> _WORK REQUEST_: Repeat the listing exactly. The images do not belong in the copy.

(Beginning of DATA SUPPLIED)

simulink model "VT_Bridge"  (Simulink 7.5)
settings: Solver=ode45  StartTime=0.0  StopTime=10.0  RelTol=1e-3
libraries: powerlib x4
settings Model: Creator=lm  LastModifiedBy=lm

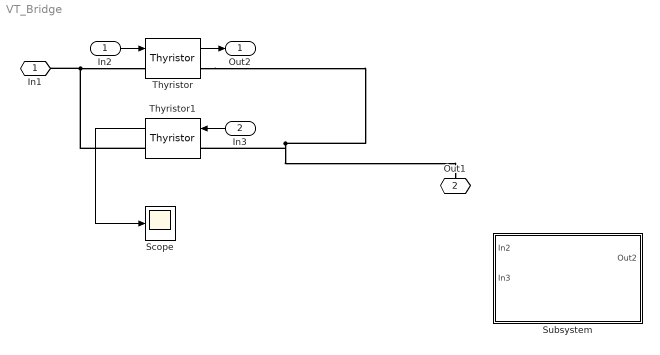
== system VT_Bridge ==
  In2 : Inport
  In3 : Inport  Port=2
  Scope : Scope
  Subsystem : Subsystem
  Thyristor : powerlib/Power Electronics/Thyristor  DialogController=POWERSYS.PowerSysDialog  SystemSampleTime=-1  Ron=0.001  Lon=0  Vf=0.8  IC=0  Rs=500  Cs=250e-9  Measurements=on
  Thyristor1 : powerlib/Power Electronics/Thyristor  DialogController=POWERSYS.PowerSysDialog  SystemSampleTime=-1  Ron=0.001  Lon=0  Vf=0.8  IC=0  Rs=500  Cs=250e-9  Measurements=on
  In1 : PMIOPort  Port=1  Side=Left
  Out1 : PMIOPort  Port=2  Side=Right
  Out2 : Outport
  wires:
  In3/1 -> Thyristor1/1
  Thyristor/1 -> Out2/1
  In2/1 -> Thyristor/1
  Thyristor1/1 -> Scope/1
  connections:
  Thyristor1/LConn1 -- Out1/RConn1 -- Thyristor/RConn1
  Thyristor1/RConn1 -- In1/RConn1 -- Thyristor/LConn1

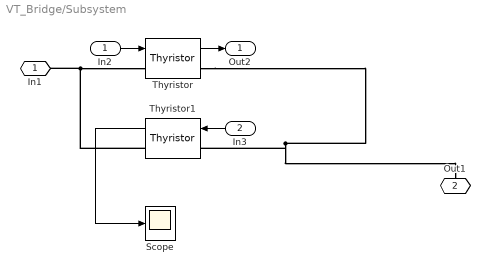
== system VT_Bridge/Subsystem ==
  In2 : Inport
  In3 : Inport  Port=2
  Scope : Scope
  Thyristor : powerlib/Power Electronics/Thyristor  DialogController=POWERSYS.PowerSysDialog  SystemSampleTime=-1  Ron=0.001  Lon=0  Vf=0.8  IC=0  Rs=500  Cs=250e-9  Measurements=on
  Thyristor1 : powerlib/Power Electronics/Thyristor  DialogController=POWERSYS.PowerSysDialog  SystemSampleTime=-1  Ron=0.001  Lon=0  Vf=0.8  IC=0  Rs=500  Cs=250e-9  Measurements=on
  In1 : PMIOPort  Port=1  Side=Left
  Out1 : PMIOPort  Port=2  Side=Right
  Out2 : Outport
  wires:
  In3/1 -> Thyristor1/1
  Thyristor/1 -> Out2/1
  In2/1 -> Thyristor/1
  Thyristor1/1 -> Scope/1
  connections:
  Thyristor1/LConn1 -- Thyristor/RConn1 -- Out1/RConn1
  Thyristor1/RConn1 -- Thyristor/LConn1 -- In1/RConn1

(End of DATA SUPPLIED)

> _RESPONSE AREA_:
simulink model "VT_Bridge"  (Simulink 7.5)
settings: Solver=ode45  StartTime=0.0  StopTime=10.0  RelTol=1e-3
libraries: powerlib x4
settings Model: Creator=lm  LastModifiedBy=lm

== system VT_Bridge ==
  In2 : Inport
  In3 : Inport  Port=2
  Scope : Scope
  Subsystem : Subsystem
  Thyristor : powerlib/Power Electronics/Thyristor  DialogController=POWERSYS.PowerSysDialog  SystemSampleTime=-1  Ron=0.001  Lon=0  Vf=0.8  IC=0  Rs=500  Cs=250e-9  Measurements=on
  Thyristor1 : powerlib/Power Electronics/Thyristor  DialogController=POWERSYS.PowerSysDialog  SystemSampleTime=-1  Ron=0.001  Lon=0  Vf=0.8  IC=0  Rs=500  Cs=250e-9  Measurements=on
  In1 : PMIOPort  Port=1  Side=Left
  Out1 : PMIOPort  Port=2  Side=Right
  Out2 : Outport
  wires:
  In3/1 -> Thyristor1/1
  Thyristor/1 -> Out2/1
  In2/1 -> Thyristor/1
  Thyristor1/1 -> Scope/1
  connections:
  Thyristor1/LConn1 -- Out1/RConn1 -- Thyristor/RConn1
  Thyristor1/RConn1 -- In1/RConn1 -- Thyristor/LConn1

== system VT_Bridge/Subsystem ==
  In2 : Inport
  In3 : Inport  Port=2
  Scope : Scope
  Thyristor : powerlib/Power Electronics/Thyristor  DialogController=POWERSYS.PowerSysDialog  SystemSampleTime=-1  Ron=0.001  Lon=0  Vf=0.8  IC=0  Rs=500  Cs=250e-9  Measurements=on
  Thyristor1 : powerlib/Power Electronics/Thyristor  DialogController=POWERSYS.PowerSysDialog  SystemSampleTime=-1  Ron=0.001  Lon=0  Vf=0.8  IC=0  Rs=500  Cs=250e-9  Measurements=on
  In1 : PMIOPort  Port=1  Side=Left
  Out1 : PMIOPort  Port=2  Side=Right
  Out2 : Outport
  wires:
  In3/1 -> Thyristor1/1
  Thyristor/1 -> Out2/1
  In2/1 -> Thyristor/1
  Thyristor1/1 -> Scope/1
  connections:
  Thyristor1/LConn1 -- Thyristor/RConn1 -- Out1/RConn1
  Thyristor1/RConn1 -- Thyristor/LConn1 -- In1/RConn1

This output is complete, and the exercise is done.